General Office of the State Council, Plan for the Pilot Project for the Arrangement by the State of the Centralized Procurement and Use of Pharmaceuticals

Issued: January 1, 2019

Main contents: The state is organizing a pilot project in the 11 municipalities of Beijing, Tianjin, Shanghai, Chongqing, Shenyang, Dalian, Xiamen, Guangzhou, Shenzhen, Chengdu and Xi'an for the centralized procurement and use of pharmaceuticals, selecting the pilot products from brand-name drugs whose corresponding generic drugs have passed a consistency evaluation of their quality and efficacy (here and hereinafter including those approved to go on the market based on the new registration classification of chemical pharmaceuticals; a “Consistency Evaluation”) (Article 1(1)).

All producers of pharmaceuticals (national distributors of imported pharmaceuticals are deemed producers) that fall within the centralized procurement scope, have been approved by the state's drug regulatory department and have entered the market in mainland China may participate (Article 2(1)).

The quality inclusion criteria mainly take into account the clinical efficacy of the pharmaceutical, adverse reactions, batch-to-batch consistency etc., with passing of a Consistency Evaluation in principle serving as the basis. The supply inclusion criteria mainly take into account the enterprise's production capacity, supply stability, etc., and enterprises that can ensure the supply of the procurement quantities in the pilot regions may be considered. The joint procurement office shall be responsible for drafting the specific norms for the inclusion criteria (Article 2(3)).

Where there are at least three eligible producers, procurement shall be done by an invitation of bids; where there are two eligible producers, procurement shall be done by price negotiation; and where there is only one eligible producer, procurement shall be done by negotiations (Article 2(4)).
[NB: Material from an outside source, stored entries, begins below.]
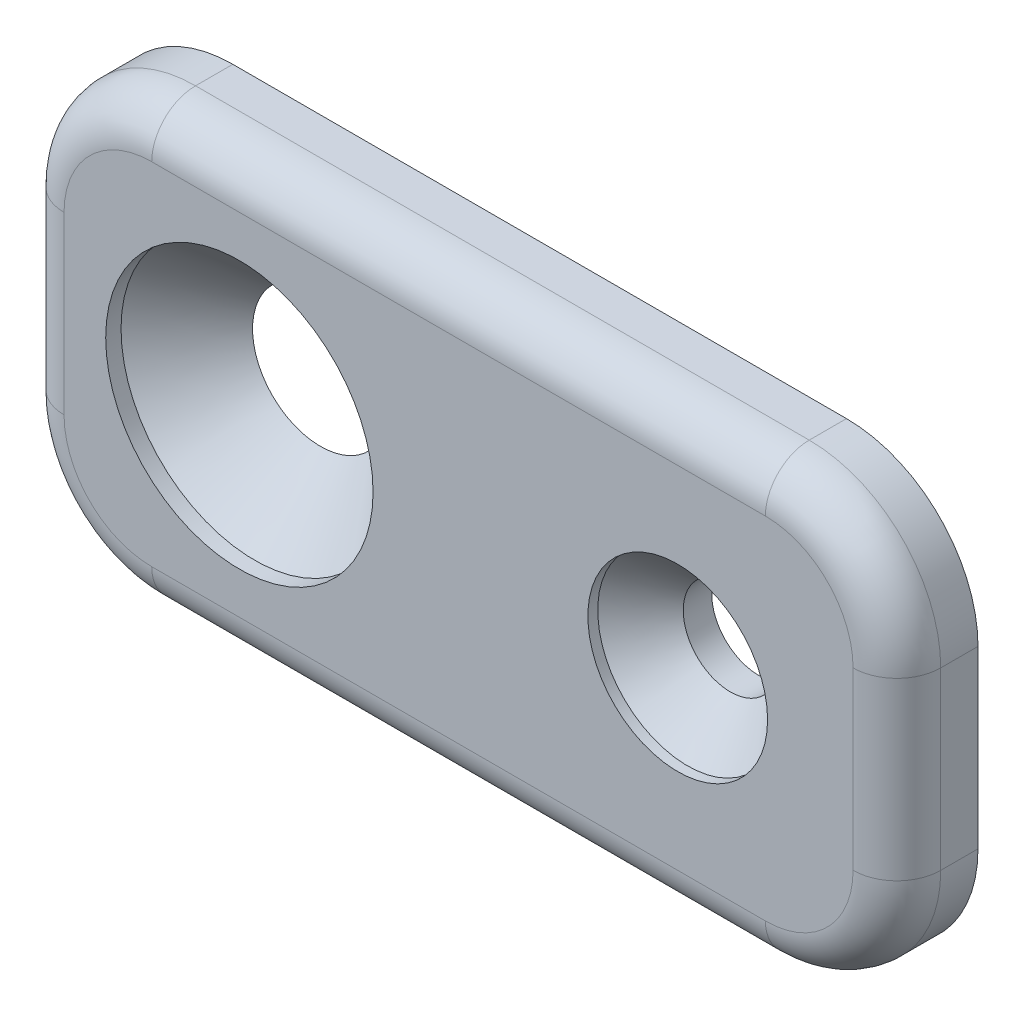
SolidWorks part; units mm, degrees
material "Custom Plastic"
ref_plane "Front Plane" through (0, 0, 0) normal (0, 0, 1) x (1, 0, 0)
ref_plane "Top Plane" through (0, 0, 0) normal (0, 1, 0) x (1, 0, 0)
ref_plane "Right Plane" through (0, 0, 0) normal (1, 0, 0) x (0, 0, -1)
sketch "Sketch1" plane through (0, 0, 0) normal (0, 0, 1) x (1, 0, 0)
  line L1 (30, 10) -> (-10, 10)
  line L2 (30, 10) -> (30, -10)
  line L3 (30, -10) -> (-10, -10)
  line L4 (-10, 10) -> (-10, -10)
  line L5 (30, 10) -> (-10, -10) construction
  line L6 (30, -10) -> (-10, 10) construction
  circle A0 centre (0, 0) radius 3.1
  circle A1 centre (20, 0) radius 2.15
  point P5 (10, 0)
  dimension "D1" = 6.2
  dimension "D4" = 4.3
  dimension "D5" = 20
  dimension "D2" = 10
  dimension "D3" = 20
  dimension "D6" = 40
extrude "Boss-Extrude1" add sketch "Sketch1" along normal blind 3.7
sketch "Sketch2" plane through (0, 0, 3.7) normal (0, 0, 1) x (1, 0, 0)
  circle A0 centre (0, 0) radius 6.1
  dimension "D1" = 12.2
extrude "Cut-Extrude1" cut sketch "Sketch2" against normal blind 0.7
chamfer "Chamfer1" distance 3 angle 45 1 edges at (3.1, 0, 3)
sketch "Sketch3" plane through (0, 0, 3.7) normal (0, 0, 1) x (1, 0, 0)
  circle A0 centre (20, 0) radius 4.1
  dimension "D1" = 8.2
extrude "Cut-Extrude2" cut sketch "Sketch3" against normal blind 0.4
chamfer "Chamfer2" distance 2 angle 45 1 edges at (22.15, 0, 3.3)
fillet "Fillet1" radius 6 4 edges at (30, -10, 1.85) (-10, -10, 1.85) (30, 10, 1.85) (-10, 10, 1.85)
fillet "Fillet2" radius 2 8 edges at (10, -10, 3.7) (28.2426, -8.2426, 3.7) (30, 0, 3.7) (28.2426, 8.2426, 3.7) (10, 10, 3.7) (-8.2426, 8.2426, 3.7) (-10, 0, 3.7) (-8.2426, -8.2426, 3.7)
equation "\"y-cross-rib-thickness\"=6"
equation "\"y-rib-thickness\"=6"
equation "\"bed-plate-thickness\"=6"
equation "\"x-plate-thickness\"=5"
equation "\"rod-diameter\"=12"
equation "\"t-nut-hole-diameter\"=3"
equation "\"y-plate-thickness\"=5"
equation "\"enclosure-thickness\"=0.6"
equation "\"M3-Clearance\"=3.3"
equation "\"M4-Clearance\"=4.3"
equation "\"M5-Clearance\"=5.3"
equation "\"M6-Clearance\"=6.3"
equation "\"M8-Clearance\"=8.3"
equation "\"623-Bearing-Dia\"=11.2"
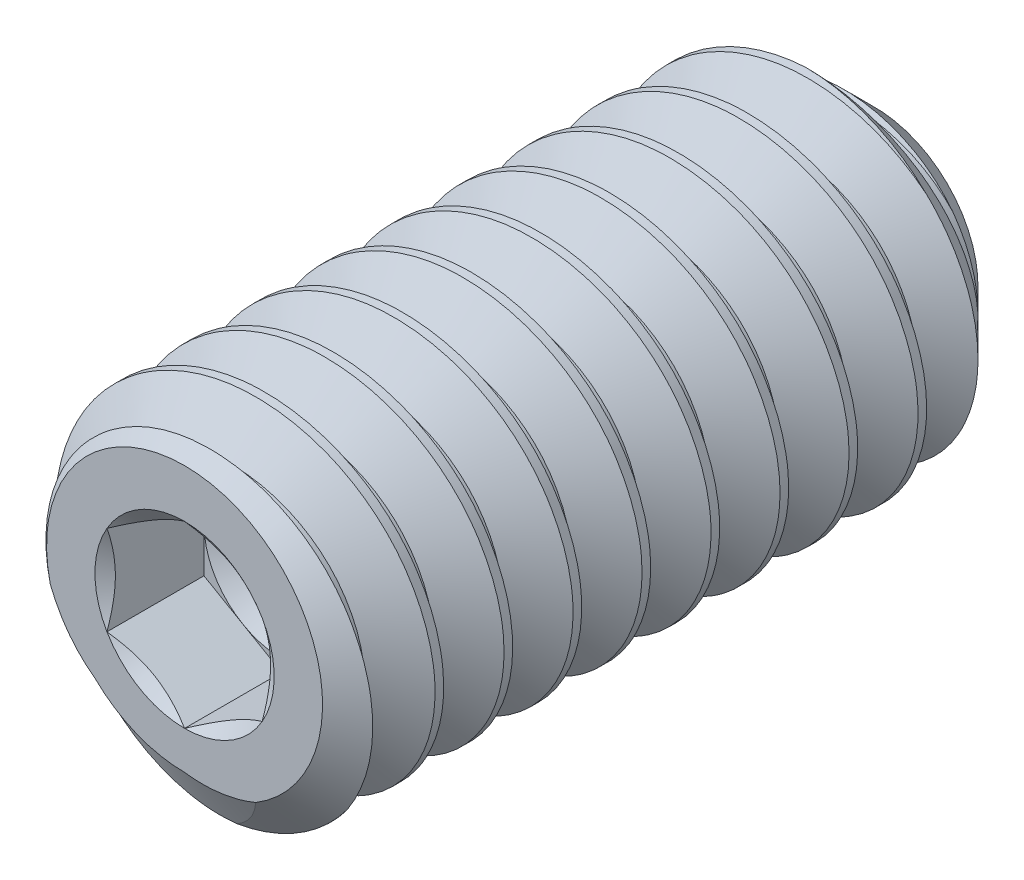
SolidWorks part; units mm, degrees
ref_plane "Front" through (0, 0, 0) normal (0, 0, 1) x (1, 0, 0)
ref_plane "Top" through (0, 0, 0) normal (0, 1, 0) x (1, 0, 0)
ref_plane "Right" through (0, 0, 0) normal (1, 0, 0) x (0, 0, -1)
sketch "Sketch22" plane through (0, 0, 0) normal (1, 0, 0) x (0, 0, -1)
  line L0 (-2, 0) -> (-2, 0.8)
  line L1 (-2, 0.8) -> (-1.86, 1)
  line L2 (-1.86, 1) -> (1.6, 1)
  line L3 (1.6, 1) -> (2, 0.6)
  line L4 (-0.13, 1) -> (-0.13, -1) construction
  line L5 (2, 0) -> (-2, 0)
  line L6 (-2, 0.8) -> (-2, -0.8) construction
  line L7 (2, 0) -> (2, 0.6)
  point P11 (-0.13, 0)
  dimension "Length" = 4
  dimension "D3" = 35
  dimension "D6" = 45
  dimension "Dia" = 2
  dimension "D1" = 1.6
  dimension "D2" = 0.4
revolve "Revolve1" add sketch "Sketch22" angle 360 about L5
ref_plane "Plane1" through (0, 0, -2) normal (0, 0, 1) x (1, 0, 0)
sketch "Sketch23" plane through (0, 0, 2) normal (0, 0, 1) x (1, 0, 0)
  line L1 (0, 0.5196) -> (-0.45, 0.2598)
  line L2 (-0.45, 0.2598) -> (-0.45, -0.2598)
  line L3 (-0.45, -0.2598) -> (0, -0.5196)
  line L4 (0, -0.5196) -> (0.45, -0.2598)
  line L5 (0.45, -0.2598) -> (0.45, 0.2598)
  line L6 (0.45, 0.2598) -> (0, 0.5196)
  circle A0 centre (0, 0) radius 0.45 construction
  dimension "Hex" = 0.9
extrude "Cut-Extrude10" cut sketch "Sketch23" against normal blind 0.5625
sketch "Sketch24" plane through (0, 0, 2) normal (0, 0, 1) x (1, 0, 0)
  circle A0 centre (0, 0) radius 0.5196
extrude "Cut-Extrude11" cut sketch "Sketch24" against normal through all draft 55
sketch "Sketch26" plane through (0, 0, 1.4375) normal (0, 0, 1) x (1, 0, 0)
  circle A0 centre (0, 0) radius 0.45 construction
  circle A1 centre (0, 0) radius 0.45
extrude "Cut-Extrude12" cut sketch "Sketch26" against normal through all draft 60
sketch "Sketch30" plane through (0, 0, 0) normal (1, 0, 0) x (0, 0, -1)
  line L0 (-1.86, 1) -> (1.6, 1) construction
  line L1 (-2, 0) -> (-2, 0.8) construction
  line L2 (2, 0) -> (2, 0.6) construction
  point P0 (-2, 1)
  point P1 (2, 1)
  point P2 (2, -1)
  point P11 (1, -1)
  dimension "D1" = 1
sketch "Sketch27" plane through (0, 0, -2) normal (0, 0, 1) x (1, 0, 0)
  circle A0 centre (0, 0) radius 1 construction
  circle A1 centre (0, 0) radius 1
curve "Helix/Spiral1" pitch 0.4 height 4.4 radius 1 centre (0, 0, -2) axis (0, 0, 1) start towards (0, 1, 0)
sketch "Sketch28" plane through (0, 0, 0) normal (1, 0, 0) x (0, 0, -1)
  line L0 (2, 1) -> (2.35, 1)
  line L1 (2.35, 1) -> (2.2, 0.7402)
  line L2 (2.2, 0.7402) -> (2.15, 0.7402)
  line L3 (2.15, 0.7402) -> (2, 1)
  line L4 (2.075, 0.8701) -> (2.275, 0.8701) construction
  line L6 (-1.86, 1) -> (1.6, 1) construction
  dimension "D1" = 0.05
  dimension "D3" = 60
  dimension "D2" = 0.2
sweep "Cut-Sweep2" cut profiles "Sketch28" path "Helix/Spiral1"
ref_plane "Contact Plane 1" through (0, 0, 2) normal (0, 0, 1) x (1, 0, 0)
ref_plane "Contact Plane 2" through (0, 0, -2) normal (0, 0, -1) x (-1, 0, 0)
ref_axis "Center Axis 1" through (0, 0, -2) along (0, 0, 1)
equation "\"D1@Sketch28\" = \"D4@Helix/Spiral1\" * .125"
equation "\"D2@Sketch28\" = \"D4@Helix/Spiral1\" * .5"
equation "\"D3@Helix/Spiral1\" = \"Length@Sketch22\" + \"D4@Helix/Spiral1\""
equation "\"D1@Sketch30\" = \"D4@Helix/Spiral1\" * 2.5"
equation "\"hex Depth@Cut-Extrude10\" = \"Hex@Sketch23\" * .625"
equation "\"D1@Sketch22\" = \"Dia@Sketch22\" * .8"
equation "\"D2@Sketch22\" = \"D4@Helix/Spiral1\""
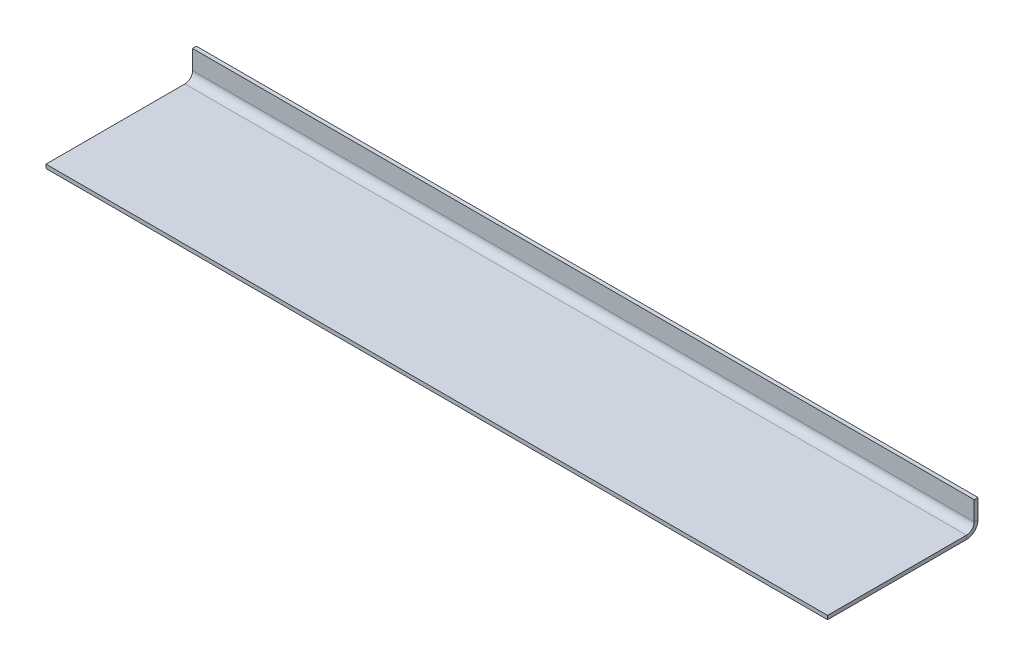
SolidWorks part; units mm, degrees
note: The reader was unsure of these and kept them because the rebuilt part matched: flange length of "Edge-Flange1".
material "6061-T6 (SS)"
ref_plane "X-Y Datum" through (0, 0, 0) normal (0, 0, 1) x (1, 0, 0)
ref_plane "X-Z Datum" through (0, 0, 0) normal (0, 1, 0) x (1, 0, 0)
ref_plane "Y-Z Datum" through (0, 0, 0) normal (1, 0, 0) x (0, 0, -1)
sketch "Sketch1" plane through (0, 0, 0) normal (0, 1, 0) x (1, 0, 0)
  line L1 (0, 0) -> (645.6578, 0)
  line L2 (0, 0) -> (0, 121.0767)
  line L3 (0, 121.0767) -> (645.6578, 121.0767)
  line L4 (645.6578, 0) -> (645.6578, 121.0767)
base flange "Base-Flange1" sketch "Sketch1" thickness 3.175 reverse thickness direction no parameters "D1"=9.525
edge flange "Edge-Flange1" sketch "Sketch8" flange angle 90 flange length 25.4 flange position material outside bend radius 6.35 thickness 3.175 relief rectangular parameters "D6"=10
sketch "Sketch8" plane through (0, 0, -121.0767) normal (0, 0, -1) x (-1, 0, 0)
  line L2 (-645.6578, 0) -> (-645.6578, 22.225)
  line L3 (-645.6578, 22.225) -> (0, 22.225)
  line L4 (0, 22.225) -> (0, 0)
  line L7 (-645.6578, 0) -> (0, 0) construction
  line L8 (-645.6578, 0) -> (0, 0)
bend "EdgeBend1" bend radius 6.35 bend angle 90 parameters "D5"=1
sketch "Bend-Lines1" [suppressed] plane through (0, 0, 0) normal (0, 1, 0) x (1, 0, 0)
sketch "Bounding-Box1" [suppressed] plane through (0, 0, 0) normal (0, 1, 0) x (1, 0, 0)
sheet metal parameters "Sheet-Metal1" thickness 3.175 parameters "D1"=9.525
flat pattern "Flat-Pattern1" [suppressed]
sketch "Bend-Lines2" plane through (0, 0, 0) normal (0, 1, 0) x (1, 0, 0)
sketch3d "Bounding-Box2" [suppressed]
  line L0 (-645.6578, 121.0767, 0) -> (0, 121.0767, 0) construction
  line L1 (-645.6578, 0, 0) -> (0, 0, 0) construction
  line L2 (-645.6578, 121.0767, 0) -> (-645.6578, 0, 0) construction
  line L3 (0, 121.0767, 0) -> (0, 0, 0) construction
sheet metal parameters "Sheet-Metal2" thickness 3.175 parameters "D1"=9.525
flat pattern "Flat-Pattern1"
sketch "Bend-Lines2" plane through (0, 0, 0) normal (0, 1, 0) x (1, 0, 0)
  line L0 (645.6578, 120.9608) -> (0, 120.9608) construction
  line L1 (645.6578, 120.9608) -> (0, 120.9608) construction
sketch3d "Bounding-Box2" [suppressed]
  line L0 (645.6578, 143.0699, 0) -> (0, 143.0699, 0) construction
  line L1 (645.6578, 0, 0) -> (0, 0, 0) construction
  line L2 (645.6578, 143.0699, 0) -> (645.6578, 0, 0) construction
  line L3 (0, 143.0699, 0) -> (0, 0, 0) construction
bend of the flat pattern "Flatten-<EdgeBend1>1"
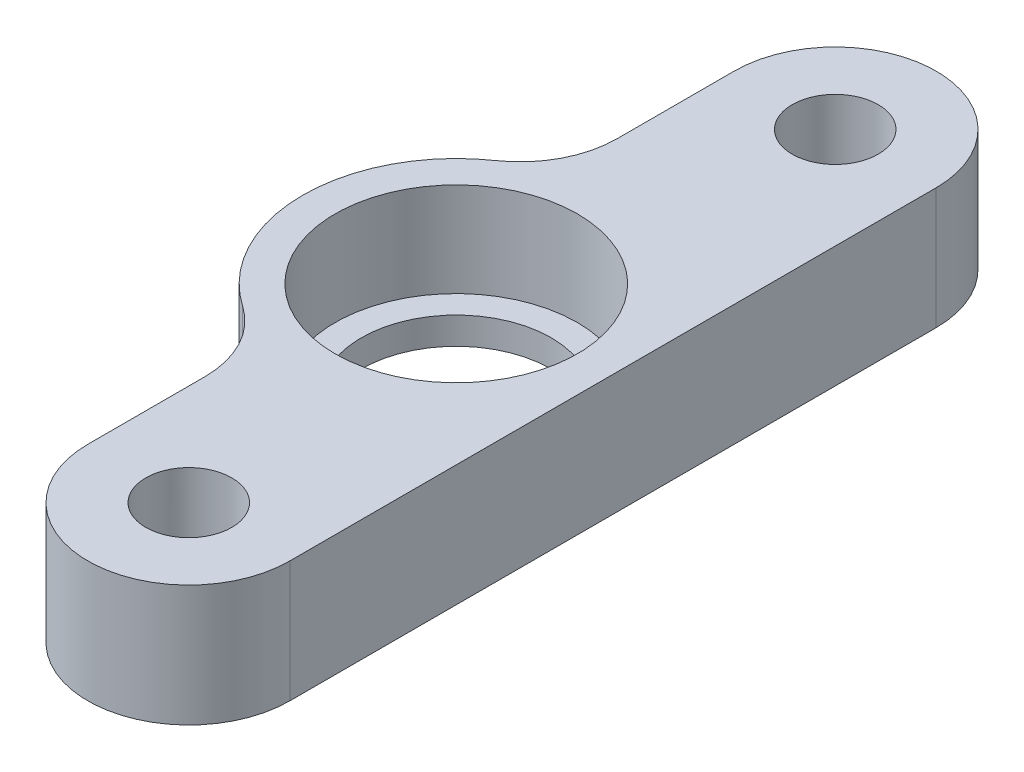
SolidWorks part; units mm, degrees
ref_plane "Front Plane" through (0, 0, 0) normal (0, 0, 1) x (1, 0, 0)
ref_plane "Top Plane" through (0, 0, 0) normal (0, 1, 0) x (1, 0, 0)
ref_plane "Right Plane" through (0, 0, 0) normal (1, 0, 0) x (0, 0, -1)
sketch "Sketch1" plane through (0, 0, 0) normal (0, 1, 0) x (1, 0, 0)
  line L0 (0, -50.8) -> (0, 50.8) construction
  line L1 (-3.556, 11.5291) -> (-3.556, 25.4)
  line L2 (-3.556, -11.5291) -> (-3.556, -25.4)
  line L4 (12.319, 25.4) -> (12.319, -25.4)
  circle A5 centre (0, 0) radius 9.525
  arc A6 (-3.556, 11.5291) -> (-3.556, -11.5291) centre (0, 0) ccw
  arc A7 (12.319, -25.4) -> (-3.556, -25.4) centre (4.3815, -25.4) cw
  arc A8 (12.319, 25.4) -> (-3.556, 25.4) centre (4.3815, 25.4) ccw
  point P7 (0, 0)
  point P14 (0, 0)
  dimension "D1" = 2.54
  dimension "D6" = 50.8
  dimension ".750" = 19.05
  dimension "D2" = 7.9375
  dimension "D4" = 4.3815
  dimension "D3" = 101.6
extrude "Boss-Extrude1" add sketch "Sketch1" along normal mid plane 9.525 contours L0 L4 A5 | L0 A5 L1 A6 L2 region at (-2.8461, 0, -18.4645)
sketch "Sketch2" plane through (0, -4.7625, 0) normal (0, 1, 0) x (1, 0, 0)
  point P30 (4.3815, -25.4)
  point P33 (4.3815, 25.4)
hole_wizard "CSK for 1/4 Flat Head Machine Screw1" positions "Sketch2" profile "Sketch3" countersink size "1/4" standard "ANSI Inch" end condition up to next
sketch "Sketch3" plane through (4.3815, -4.7625, 25.4) normal (1, 0, 0) x (0, 0, -1)
  line L0 (0, 0) -> (0, 9.525)
  line L1 (0, 9.525) -> (3.3782, 9.525)
  line L2 (3.3782, 9.525) -> (3.3782, 3.7749)
  line L3 (3.3782, 3.7749) -> (6.6597, 0)
  line L5 (6.6597, 0) -> (0, 0)
  line L6 (-3.3782, 3.7749) -> (-6.6597, 0) construction
  line L11 (0, -6.35) -> (0, 107.95) construction
  dimension "Thru Hole Dia." = 6.7564
  dimension "Thru Hole Depth" = 9.525
  dimension "Near C'Sink Dia." = 13.3194
  dimension "Near C'Sink Angle" = 82
fillet "Fillet1" radius 7.62 2 edges at (-3.556, 0, 11.5291) (-3.556, 0, -11.5291)
sketch "Sketch4" plane through (0, -4.7625, 0) normal (0, -1, 0) x (1, 0, 0)
  circle A0 centre (0, 0) radius 7.4612
  circle A1 centre (0, 0) radius 9.525
  circle A2 centre (0, 0) radius 9.525 construction
  dimension "D1" = 14.9225
extrude "Boss-Extrude2" add sketch "Sketch4" against normal blind 2.1273

With respect to a pharmaceutical that is centrally procured, if it falls within the scope of the medical insurance directory, the centralized procurement price therefor shall be the medical insurance payment rate and, in principle, the medical insurance fund shall effect settlement at the same payment rate for an active ingredient, a reference formulation or a generic drug that has passed a Consistency Evaluation under the same brand name. For a pharmaceutical, the patient use price of which is higher than the payment rate, the patient shall himself /herself cover the portion exceeding the payment rate. If there is a relatively large discrepancy between the patient use pharmaceutical price and the centralized procurement price for the selected pharmaceutical, the payment rate may be gradually revised by completing the revision within two to three year, and complementary policy measures shall be formulated therefor. For a pharmaceutical, the patient use price of which is less than the payment rate, payment shall be made at the actual price (Article 4(1)).